Labor: Strik et al. reports a hand-harvest efficiency of 7.3 kg fruit per hour, but did not test machine harvest efficiency.

Problems: Many authors, both in research and field production, note no significant disease/pest problems under normal field conditions (Rousseau and Bergeron; Strik et al., McKay). McKay noted aphids on shoot tips and leaf-eating beetles, but indicated that they are not problematic on vigorous plants. Knudson notes that mildew can be problematic under condition of inadequate light and poor air circulation. However, Strik et al. did not harvest during one year of their research because of bird depredation, while Plocher noted that the fruits are very attractive to deer but that ripe aronia berries were not attractive to birds.
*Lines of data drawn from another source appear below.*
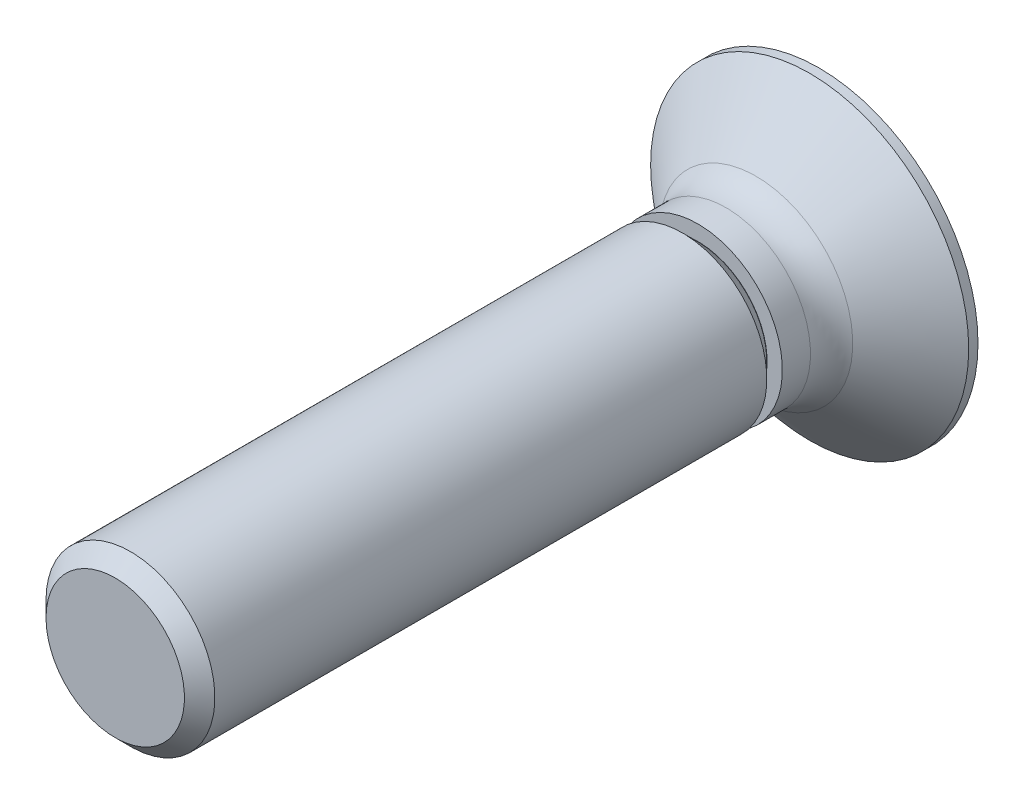
ISO-10303-21;
HEADER;
FILE_DESCRIPTION(('STEP AP214'),'2;1');
FILE_NAME('part.step','',(''),(''),'','','');
FILE_SCHEMA(('AUTOMOTIVE_DESIGN { 1 0 10303 214 1 1 1 1 }'));
ENDSEC;
DATA;
#1=APPLICATION_CONTEXT('core data for automotive mechanical design processes');
#2=APPLICATION_PROTOCOL_DEFINITION('international standard','automotive_design',2000,#1);
#3=PRODUCT_CONTEXT('',#1,'mechanical');
#4=PRODUCT('Part','Part','',(#3));
#5=PRODUCT_RELATED_PRODUCT_CATEGORY('part','',(#4));
#6=PRODUCT_DEFINITION_FORMATION('','',#4);
#7=PRODUCT_DEFINITION_CONTEXT('part definition',#1,'design');
#8=PRODUCT_DEFINITION('design','',#6,#7);
#9=PRODUCT_DEFINITION_SHAPE('','',#8);
#10=(LENGTH_UNIT() NAMED_UNIT(*) SI_UNIT(.MILLI.,.METRE.));
#11=(NAMED_UNIT(*) PLANE_ANGLE_UNIT() SI_UNIT($,.RADIAN.));
#12=(NAMED_UNIT(*) SI_UNIT($,.STERADIAN.) SOLID_ANGLE_UNIT());
#13=UNCERTAINTY_MEASURE_WITH_UNIT(LENGTH_MEASURE(1.E-05),#10,'distance_accuracy_value','');
#14=(GEOMETRIC_REPRESENTATION_CONTEXT(3) GLOBAL_UNCERTAINTY_ASSIGNED_CONTEXT((#13)) GLOBAL_UNIT_ASSIGNED_CONTEXT((#10,
#11,#12)) REPRESENTATION_CONTEXT('',''));
#15=CARTESIAN_POINT('',(0.,0.,0.));
#16=DIRECTION('',(0.,0.,1.));
#17=DIRECTION('',(1.,0.,0.));
#18=AXIS2_PLACEMENT_3D('',#15,#16,#17);
#19=CARTESIAN_POINT('',(0.,5.65,0.));
#20=DIRECTION('',(0.,0.,1.));
#21=DIRECTION('',(1.,0.,0.));
#22=AXIS2_PLACEMENT_3D('',#19,#20,#21);
#23=PLANE('',#22);
#24=CARTESIAN_POINT('',(0.,0.,0.));
#25=DIRECTION('',(0.,0.,-1.));
#26=DIRECTION('',(-1.,0.,0.));
#27=AXIS2_PLACEMENT_3D('',#24,#25,#26);
#28=CIRCLE('',#27,5.65);
#29=CARTESIAN_POINT('',(-5.65,0.,0.));
#30=VERTEX_POINT('',#29);
#31=EDGE_CURVE('E207',#30,#30,#28,.T.);
#32=ORIENTED_EDGE('',*,*,#31,.T.);
#33=EDGE_LOOP('',(#32));
#34=FACE_BOUND('',#33,.T.);
#35=DIRECTION('',(0.422618261740699,0.90630778703665,0.));
#36=VECTOR('',#35,1.);
#37=CARTESIAN_POINT('',(0.566666666666667,-3.4,0.));
#38=LINE('',#37,#36);
#39=CARTESIAN_POINT('',(0.566666666666667,-3.4,0.));
#40=VERTEX_POINT('',#39);
#41=CARTESIAN_POINT('',(1.46770883478955,-1.46770883478955,0.));
#42=VERTEX_POINT('',#41);
#43=EDGE_CURVE('E31',#40,#42,#38,.T.);
#44=ORIENTED_EDGE('',*,*,#43,.T.);
#45=DIRECTION('',(0.90630778703665,0.422618261740699,0.));
#46=VECTOR('',#45,1.);
#47=CARTESIAN_POINT('',(1.46770883478955,-1.46770883478955,0.));
#48=LINE('',#47,#46);
#49=CARTESIAN_POINT('',(3.4,-0.566666666666667,0.));
#50=VERTEX_POINT('',#49);
#51=EDGE_CURVE('E86',#42,#50,#48,.T.);
#52=ORIENTED_EDGE('',*,*,#51,.T.);
#53=DIRECTION('',(0.,1.,0.));
#54=VECTOR('',#53,1.);
#55=CARTESIAN_POINT('',(3.4,-0.566666666666667,0.));
#56=LINE('',#55,#54);
#57=CARTESIAN_POINT('',(3.4,0.566666666666667,0.));
#58=VERTEX_POINT('',#57);
#59=EDGE_CURVE('E167',#50,#58,#56,.T.);
#60=ORIENTED_EDGE('',*,*,#59,.T.);
#61=DIRECTION('',(-0.90630778703665,0.422618261740699,0.));
#62=VECTOR('',#61,1.);
#63=CARTESIAN_POINT('',(3.4,0.566666666666667,0.));
#64=LINE('',#63,#62);
#65=CARTESIAN_POINT('',(1.46770883478955,1.46770883478955,0.));
#66=VERTEX_POINT('',#65);
#67=EDGE_CURVE('E163',#58,#66,#64,.T.);
#68=ORIENTED_EDGE('',*,*,#67,.T.);
#69=DIRECTION('',(-0.4226182617407,0.90630778703665,0.));
#70=VECTOR('',#69,1.);
#71=CARTESIAN_POINT('',(1.46770883478955,1.46770883478955,0.));
#72=LINE('',#71,#70);
#73=CARTESIAN_POINT('',(0.566666666666667,3.4,0.));
#74=VERTEX_POINT('',#73);
#75=EDGE_CURVE('E159',#66,#74,#72,.T.);
#76=ORIENTED_EDGE('',*,*,#75,.T.);
#77=DIRECTION('',(-1.,0.,0.));
#78=VECTOR('',#77,1.);
#79=CARTESIAN_POINT('',(0.566666666666667,3.4,0.));
#80=LINE('',#79,#78);
#81=CARTESIAN_POINT('',(-0.566666666666666,3.4,0.));
#82=VERTEX_POINT('',#81);
#83=EDGE_CURVE('E155',#74,#82,#80,.T.);
#84=ORIENTED_EDGE('',*,*,#83,.T.);
#85=DIRECTION('',(-0.422618261740699,-0.90630778703665,0.));
#86=VECTOR('',#85,1.);
#87=CARTESIAN_POINT('',(-0.566666666666666,3.4,0.));
#88=LINE('',#87,#86);
#89=CARTESIAN_POINT('',(-1.46770883478955,1.46770883478955,0.));
#90=VERTEX_POINT('',#89);
#91=EDGE_CURVE('E151',#82,#90,#88,.T.);
#92=ORIENTED_EDGE('',*,*,#91,.T.);
#93=DIRECTION('',(-0.90630778703665,-0.422618261740699,0.));
#94=VECTOR('',#93,1.);
#95=CARTESIAN_POINT('',(-1.46770883478955,1.46770883478955,0.));
#96=LINE('',#95,#94);
#97=CARTESIAN_POINT('',(-3.4,0.566666666666668,0.));
#98=VERTEX_POINT('',#97);
#99=EDGE_CURVE('E147',#90,#98,#96,.T.);
#100=ORIENTED_EDGE('',*,*,#99,.T.);
#101=DIRECTION('',(0.,-1.,0.));
#102=VECTOR('',#101,1.);
#103=CARTESIAN_POINT('',(-3.4,0.566666666666668,0.));
#104=LINE('',#103,#102);
#105=CARTESIAN_POINT('',(-3.4,-0.566666666666667,0.));
#106=VERTEX_POINT('',#105);
#107=EDGE_CURVE('E142',#98,#106,#104,.T.);
#108=ORIENTED_EDGE('',*,*,#107,.T.);
#109=DIRECTION('',(0.90630778703665,-0.422618261740699,0.));
#110=VECTOR('',#109,1.);
#111=CARTESIAN_POINT('',(-3.4,-0.566666666666667,0.));
#112=LINE('',#111,#110);
#113=CARTESIAN_POINT('',(-1.46770883478955,-1.46770883478955,0.));
#114=VERTEX_POINT('',#113);
#115=EDGE_CURVE('E136',#106,#114,#112,.T.);
#116=ORIENTED_EDGE('',*,*,#115,.T.);
#117=DIRECTION('',(0.422618261740699,-0.90630778703665,0.));
#118=VECTOR('',#117,1.);
#119=CARTESIAN_POINT('',(-1.46770883478955,-1.46770883478955,0.));
#120=LINE('',#119,#118);
#121=CARTESIAN_POINT('',(-0.566666666666667,-3.4,0.));
#122=VERTEX_POINT('',#121);
#123=EDGE_CURVE('E119',#114,#122,#120,.T.);
#124=ORIENTED_EDGE('',*,*,#123,.T.);
#125=DIRECTION('',(1.,0.,0.));
#126=VECTOR('',#125,1.);
#127=CARTESIAN_POINT('',(-0.566666666666667,-3.4,0.));
#128=LINE('',#127,#126);
#129=EDGE_CURVE('E128',#122,#40,#128,.T.);
#130=ORIENTED_EDGE('',*,*,#129,.T.);
#131=EDGE_LOOP('',(#44,#52,#60,#68,#76,#84,#92,#100,#108,#116,#124,#130));
#132=FACE_BOUND('',#131,.T.);
#133=ADVANCED_FACE('F15',(#34,#132),#23,.F.);
#134=CARTESIAN_POINT('',(0.,0.,25.));
#135=DIRECTION('',(0.,0.,-1.));
#136=DIRECTION('',(-1.,0.,0.));
#137=AXIS2_PLACEMENT_3D('',#134,#135,#136);
#138=PLANE('',#137);
#139=CARTESIAN_POINT('',(0.,0.,25.));
#140=DIRECTION('',(0.,0.,-1.));
#141=DIRECTION('',(-1.,0.,0.));
#142=AXIS2_PLACEMENT_3D('',#139,#140,#141);
#143=CIRCLE('',#142,2.45875);
#144=CARTESIAN_POINT('',(-2.45875,0.,25.));
#145=VERTEX_POINT('',#144);
#146=EDGE_CURVE('E10',#145,#145,#143,.T.);
#147=ORIENTED_EDGE('',*,*,#146,.F.);
#148=EDGE_LOOP('',(#147));
#149=FACE_BOUND('',#148,.T.);
#150=ADVANCED_FACE('F17',(#149),#138,.F.);
#151=CARTESIAN_POINT('',(0.,0.,25.));
#152=DIRECTION('',(0.,0.,-1.));
#153=DIRECTION('',(-1.,0.,0.));
#154=AXIS2_PLACEMENT_3D('',#151,#152,#153);
#155=CONICAL_SURFACE('',#154,2.45875,0.785398163397453);
#156=CARTESIAN_POINT('',(0.,0.,24.45875));
#157=DIRECTION('',(0.,0.,-1.));
#158=DIRECTION('',(-1.,0.,0.));
#159=AXIS2_PLACEMENT_3D('',#156,#157,#158);
#160=CIRCLE('',#159,3.);
#161=CARTESIAN_POINT('',(-3.,0.,24.45875));
#162=VERTEX_POINT('',#161);
#163=EDGE_CURVE('E24',#162,#162,#160,.T.);
#164=ORIENTED_EDGE('',*,*,#163,.F.);
#165=EDGE_LOOP('',(#164));
#166=FACE_BOUND('',#165,.T.);
#167=ORIENTED_EDGE('',*,*,#146,.T.);
#168=EDGE_LOOP('',(#167));
#169=FACE_BOUND('',#168,.T.);
#170=ADVANCED_FACE('F279',(#166,#169),#155,.T.);
#171=CARTESIAN_POINT('',(0.,0.,0.));
#172=DIRECTION('',(0.,0.,-1.));
#173=DIRECTION('',(-1.,0.,0.));
#174=AXIS2_PLACEMENT_3D('',#171,#172,#173);
#175=CYLINDRICAL_SURFACE('',#174,3.);
#176=CARTESIAN_POINT('',(0.,0.,4.85125));
#177=DIRECTION('',(0.,0.,-1.));
#178=DIRECTION('',(-1.,0.,0.));
#179=AXIS2_PLACEMENT_3D('',#176,#177,#178);
#180=CIRCLE('',#179,3.);
#181=CARTESIAN_POINT('',(-3.,0.,4.85125));
#182=VERTEX_POINT('',#181);
#183=EDGE_CURVE('E267',#182,#182,#180,.T.);
#184=ORIENTED_EDGE('',*,*,#183,.F.);
#185=EDGE_LOOP('',(#184));
#186=FACE_BOUND('',#185,.T.);
#187=ORIENTED_EDGE('',*,*,#163,.T.);
#188=EDGE_LOOP('',(#187));
#189=FACE_BOUND('',#188,.T.);
#190=ADVANCED_FACE('F277',(#186,#189),#175,.T.);
#191=CARTESIAN_POINT('',(0.,0.,4.85125));
#192=DIRECTION('',(0.,0.,1.));
#193=DIRECTION('',(1.,0.,0.));
#194=AXIS2_PLACEMENT_3D('',#191,#192,#193);
#195=CONICAL_SURFACE('',#194,3.,0.785398163397449);
#196=CARTESIAN_POINT('',(0.,0.,4.31));
#197=DIRECTION('',(0.,0.,-1.));
#198=DIRECTION('',(-1.,0.,0.));
#199=AXIS2_PLACEMENT_3D('',#196,#197,#198);
#200=CIRCLE('',#199,2.45875);
#201=CARTESIAN_POINT('',(-2.45875,0.,4.31));
#202=VERTEX_POINT('',#201);
#203=EDGE_CURVE('E263',#202,#202,#200,.T.);
#204=ORIENTED_EDGE('',*,*,#203,.F.);
#205=EDGE_LOOP('',(#204));
#206=FACE_BOUND('',#205,.T.);
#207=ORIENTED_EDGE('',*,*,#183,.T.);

Weeds can be problematic. McKay recommends mulching with plastic, and removing it after two-three years as the plants sucker into a hedgerow. Weed control within rows is usually not needed after 3-4 years. Knudson recommends shallow cultivation of weeds, which can also stop the spread of plants by suckerering if desired.

Harvest: Trinklein notes that black chokeberry can be harvested with machines used to harvest blueberries. Jeppsson 1999 notes that the fruits can be harvested with standard black currant mechanical harvesting equipment, and that the fruits are not prone to mechanical damage during transport.